■ Task objective ■
Pictures are to be left out. Copy exactly, and only, the lines from the start of the entries below to the line with "line L4 (17.5, 57.5) -> (17.5, -57.5)", both included.

■ Provided entries ■
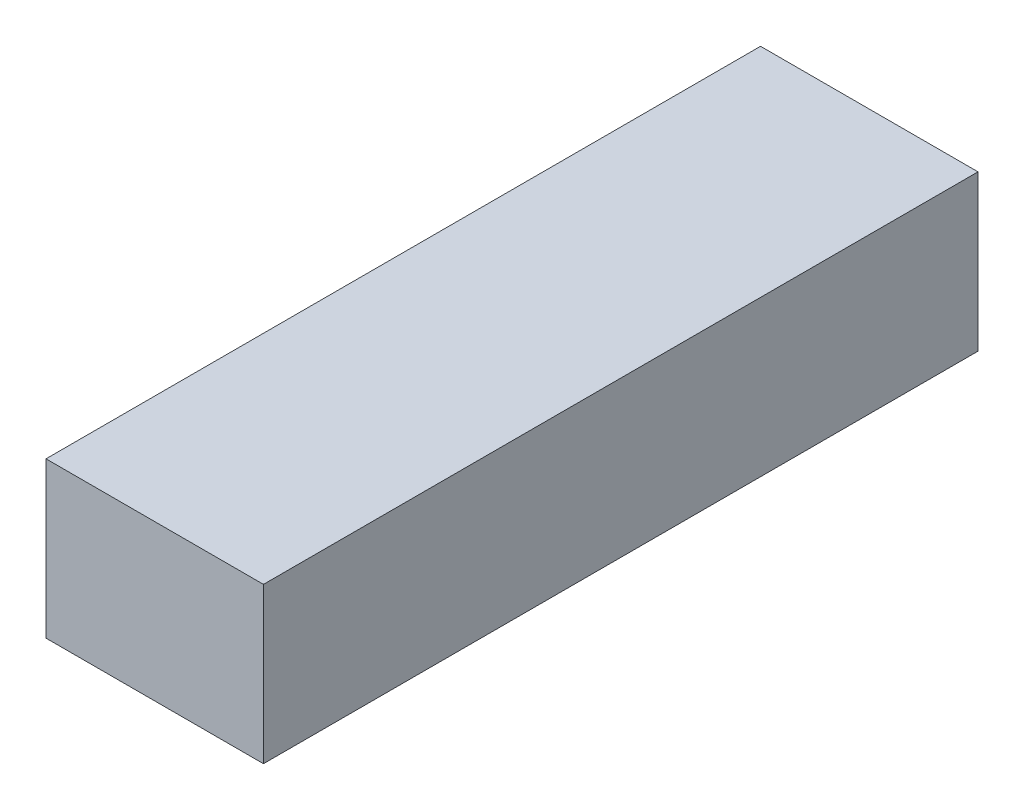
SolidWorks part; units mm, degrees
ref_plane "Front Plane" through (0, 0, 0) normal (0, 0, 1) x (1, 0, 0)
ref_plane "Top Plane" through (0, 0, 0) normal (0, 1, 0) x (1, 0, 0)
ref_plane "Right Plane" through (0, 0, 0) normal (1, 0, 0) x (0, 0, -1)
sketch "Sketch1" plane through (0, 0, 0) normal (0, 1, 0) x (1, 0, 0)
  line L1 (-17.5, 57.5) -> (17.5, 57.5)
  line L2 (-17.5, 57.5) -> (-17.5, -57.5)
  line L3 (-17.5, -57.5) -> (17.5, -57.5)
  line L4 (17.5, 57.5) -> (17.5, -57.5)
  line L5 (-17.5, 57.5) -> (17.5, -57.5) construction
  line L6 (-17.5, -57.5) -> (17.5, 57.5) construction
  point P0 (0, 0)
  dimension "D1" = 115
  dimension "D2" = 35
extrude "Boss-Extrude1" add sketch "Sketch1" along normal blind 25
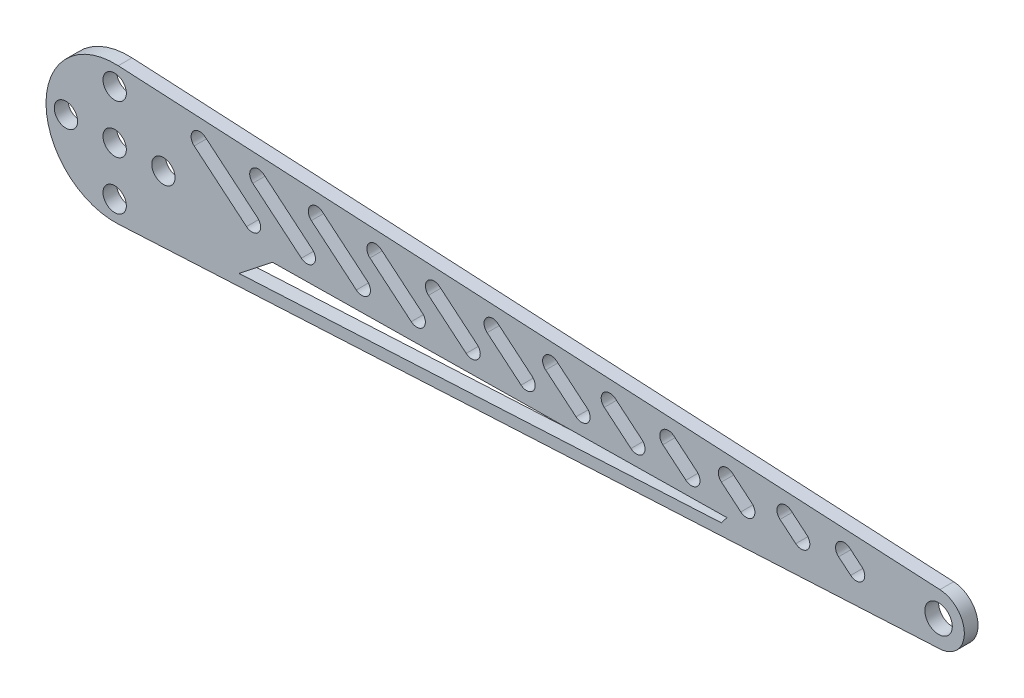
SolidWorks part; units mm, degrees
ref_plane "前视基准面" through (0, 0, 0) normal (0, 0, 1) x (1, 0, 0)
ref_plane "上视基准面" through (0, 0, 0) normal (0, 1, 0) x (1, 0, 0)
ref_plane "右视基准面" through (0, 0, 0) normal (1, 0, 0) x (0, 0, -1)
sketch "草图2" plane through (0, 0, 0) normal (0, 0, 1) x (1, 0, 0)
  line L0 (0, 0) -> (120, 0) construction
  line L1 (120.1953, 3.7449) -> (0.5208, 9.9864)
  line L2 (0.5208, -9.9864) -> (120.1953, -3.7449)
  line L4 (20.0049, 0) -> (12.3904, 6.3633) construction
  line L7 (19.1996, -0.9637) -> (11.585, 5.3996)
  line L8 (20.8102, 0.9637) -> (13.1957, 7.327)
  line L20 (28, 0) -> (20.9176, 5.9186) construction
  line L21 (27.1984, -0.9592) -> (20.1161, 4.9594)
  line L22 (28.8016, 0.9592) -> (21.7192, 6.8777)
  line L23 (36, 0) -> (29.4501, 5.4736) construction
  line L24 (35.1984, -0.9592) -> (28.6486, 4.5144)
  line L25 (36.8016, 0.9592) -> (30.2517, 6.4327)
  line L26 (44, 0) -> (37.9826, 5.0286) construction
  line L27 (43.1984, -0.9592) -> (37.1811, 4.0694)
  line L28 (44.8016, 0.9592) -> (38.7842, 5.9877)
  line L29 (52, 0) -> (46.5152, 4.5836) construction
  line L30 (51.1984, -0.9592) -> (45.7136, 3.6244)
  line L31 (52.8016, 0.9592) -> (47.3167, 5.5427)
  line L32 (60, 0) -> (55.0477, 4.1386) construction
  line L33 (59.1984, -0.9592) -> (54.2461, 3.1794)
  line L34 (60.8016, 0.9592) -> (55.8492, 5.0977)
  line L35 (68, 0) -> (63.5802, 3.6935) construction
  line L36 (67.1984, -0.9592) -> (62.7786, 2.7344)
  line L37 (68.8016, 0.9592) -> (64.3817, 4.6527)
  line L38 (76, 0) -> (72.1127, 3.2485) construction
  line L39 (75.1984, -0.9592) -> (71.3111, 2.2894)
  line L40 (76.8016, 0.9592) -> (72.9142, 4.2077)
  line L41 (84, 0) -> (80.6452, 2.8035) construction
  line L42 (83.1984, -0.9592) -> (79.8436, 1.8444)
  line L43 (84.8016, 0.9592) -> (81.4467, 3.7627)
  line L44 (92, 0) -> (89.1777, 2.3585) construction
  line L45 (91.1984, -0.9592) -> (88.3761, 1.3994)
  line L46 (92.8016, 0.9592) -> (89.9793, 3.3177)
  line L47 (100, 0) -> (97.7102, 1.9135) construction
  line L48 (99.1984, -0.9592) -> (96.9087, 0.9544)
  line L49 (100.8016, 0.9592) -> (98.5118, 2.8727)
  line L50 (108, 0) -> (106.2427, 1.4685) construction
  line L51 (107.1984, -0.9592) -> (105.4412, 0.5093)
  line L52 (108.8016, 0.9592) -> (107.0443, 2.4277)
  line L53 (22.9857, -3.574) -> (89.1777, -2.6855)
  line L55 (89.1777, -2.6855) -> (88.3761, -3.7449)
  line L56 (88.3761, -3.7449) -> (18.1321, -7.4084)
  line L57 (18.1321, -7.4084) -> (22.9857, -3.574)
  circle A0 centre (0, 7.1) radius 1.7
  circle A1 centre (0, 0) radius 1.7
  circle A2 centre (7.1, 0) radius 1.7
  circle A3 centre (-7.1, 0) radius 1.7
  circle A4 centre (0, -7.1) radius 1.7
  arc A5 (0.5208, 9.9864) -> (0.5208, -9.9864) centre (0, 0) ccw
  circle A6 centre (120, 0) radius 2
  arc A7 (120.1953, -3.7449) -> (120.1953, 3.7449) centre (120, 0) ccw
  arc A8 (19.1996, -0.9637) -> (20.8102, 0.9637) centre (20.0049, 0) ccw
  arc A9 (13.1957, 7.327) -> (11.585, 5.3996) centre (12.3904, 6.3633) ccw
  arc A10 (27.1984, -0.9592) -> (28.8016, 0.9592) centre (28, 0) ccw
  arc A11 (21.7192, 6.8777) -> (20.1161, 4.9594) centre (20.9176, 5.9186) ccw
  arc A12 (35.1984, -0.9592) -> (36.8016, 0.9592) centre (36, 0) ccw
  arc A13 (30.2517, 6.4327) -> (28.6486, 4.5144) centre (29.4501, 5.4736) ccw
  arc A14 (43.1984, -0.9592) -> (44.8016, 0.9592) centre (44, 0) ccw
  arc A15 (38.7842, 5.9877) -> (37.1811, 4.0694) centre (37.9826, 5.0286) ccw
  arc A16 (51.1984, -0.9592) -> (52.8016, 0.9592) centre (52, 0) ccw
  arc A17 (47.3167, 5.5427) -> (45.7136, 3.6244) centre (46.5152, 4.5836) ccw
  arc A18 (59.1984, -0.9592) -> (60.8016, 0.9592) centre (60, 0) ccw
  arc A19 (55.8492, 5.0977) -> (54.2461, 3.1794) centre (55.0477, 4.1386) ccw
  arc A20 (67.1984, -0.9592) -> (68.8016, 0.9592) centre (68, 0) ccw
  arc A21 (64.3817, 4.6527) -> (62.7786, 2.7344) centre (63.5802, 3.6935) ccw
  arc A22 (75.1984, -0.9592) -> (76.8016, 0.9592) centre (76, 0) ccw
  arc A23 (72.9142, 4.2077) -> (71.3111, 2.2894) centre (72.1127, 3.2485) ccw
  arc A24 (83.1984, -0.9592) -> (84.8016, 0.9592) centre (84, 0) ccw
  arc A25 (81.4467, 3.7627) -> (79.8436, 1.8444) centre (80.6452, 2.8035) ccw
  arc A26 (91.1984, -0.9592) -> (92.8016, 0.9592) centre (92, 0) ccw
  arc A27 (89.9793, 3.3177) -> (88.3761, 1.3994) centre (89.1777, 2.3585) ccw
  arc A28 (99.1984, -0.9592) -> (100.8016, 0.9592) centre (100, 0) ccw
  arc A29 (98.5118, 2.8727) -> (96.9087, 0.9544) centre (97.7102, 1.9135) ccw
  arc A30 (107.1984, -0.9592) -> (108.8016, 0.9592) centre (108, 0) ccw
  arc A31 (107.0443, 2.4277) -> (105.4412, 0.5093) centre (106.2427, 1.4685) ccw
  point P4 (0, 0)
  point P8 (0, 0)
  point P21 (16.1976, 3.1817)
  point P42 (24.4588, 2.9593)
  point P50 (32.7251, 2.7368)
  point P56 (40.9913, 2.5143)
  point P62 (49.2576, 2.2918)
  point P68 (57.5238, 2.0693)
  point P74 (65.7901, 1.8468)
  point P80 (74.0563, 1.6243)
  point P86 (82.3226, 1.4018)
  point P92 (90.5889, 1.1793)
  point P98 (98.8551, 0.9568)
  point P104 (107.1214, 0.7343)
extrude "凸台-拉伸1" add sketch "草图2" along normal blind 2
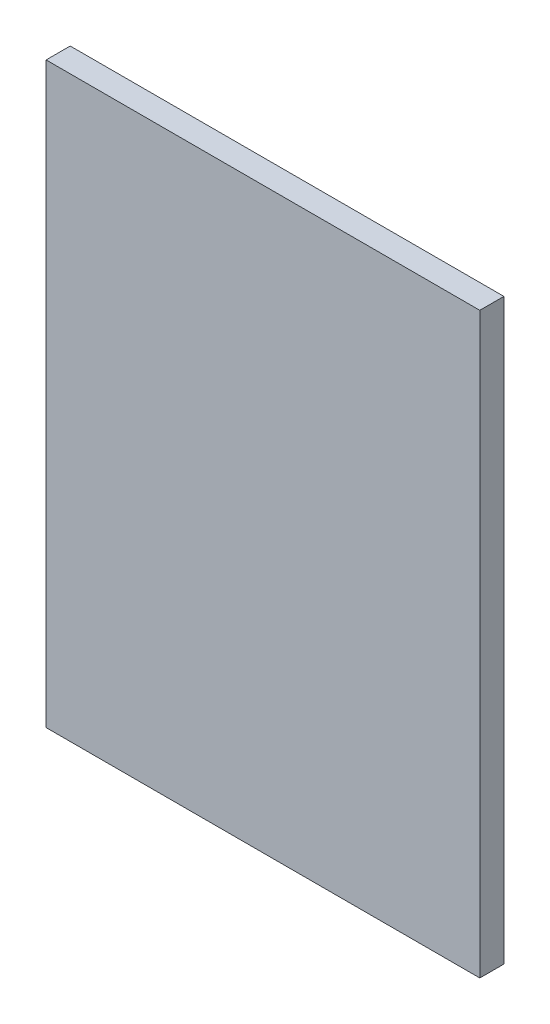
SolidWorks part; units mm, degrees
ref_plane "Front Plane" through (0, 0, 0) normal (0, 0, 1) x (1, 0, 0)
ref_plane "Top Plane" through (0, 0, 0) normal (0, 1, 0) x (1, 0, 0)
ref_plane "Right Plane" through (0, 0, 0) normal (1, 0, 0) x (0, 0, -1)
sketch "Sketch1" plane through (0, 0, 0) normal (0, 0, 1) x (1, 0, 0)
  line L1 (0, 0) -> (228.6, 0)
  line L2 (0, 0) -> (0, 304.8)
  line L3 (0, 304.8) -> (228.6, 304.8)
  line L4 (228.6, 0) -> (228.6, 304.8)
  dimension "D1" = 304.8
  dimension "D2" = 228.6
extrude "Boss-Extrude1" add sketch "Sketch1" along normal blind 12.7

■ Problem solution ■
SolidWorks part; units mm, degrees
ref_plane "Front Plane" through (0, 0, 0) normal (0, 0, 1) x (1, 0, 0)
ref_plane "Top Plane" through (0, 0, 0) normal (0, 1, 0) x (1, 0, 0)
ref_plane "Right Plane" through (0, 0, 0) normal (1, 0, 0) x (0, 0, -1)
sketch "Sketch1" plane through (0, 0, 0) normal (0, 1, 0) x (1, 0, 0)
  line L1 (-17.5, 57.5) -> (17.5, 57.5)
  line L2 (-17.5, 57.5) -> (-17.5, -57.5)
  line L3 (-17.5, -57.5) -> (17.5, -57.5)
  line L4 (17.5, 57.5) -> (17.5, -57.5)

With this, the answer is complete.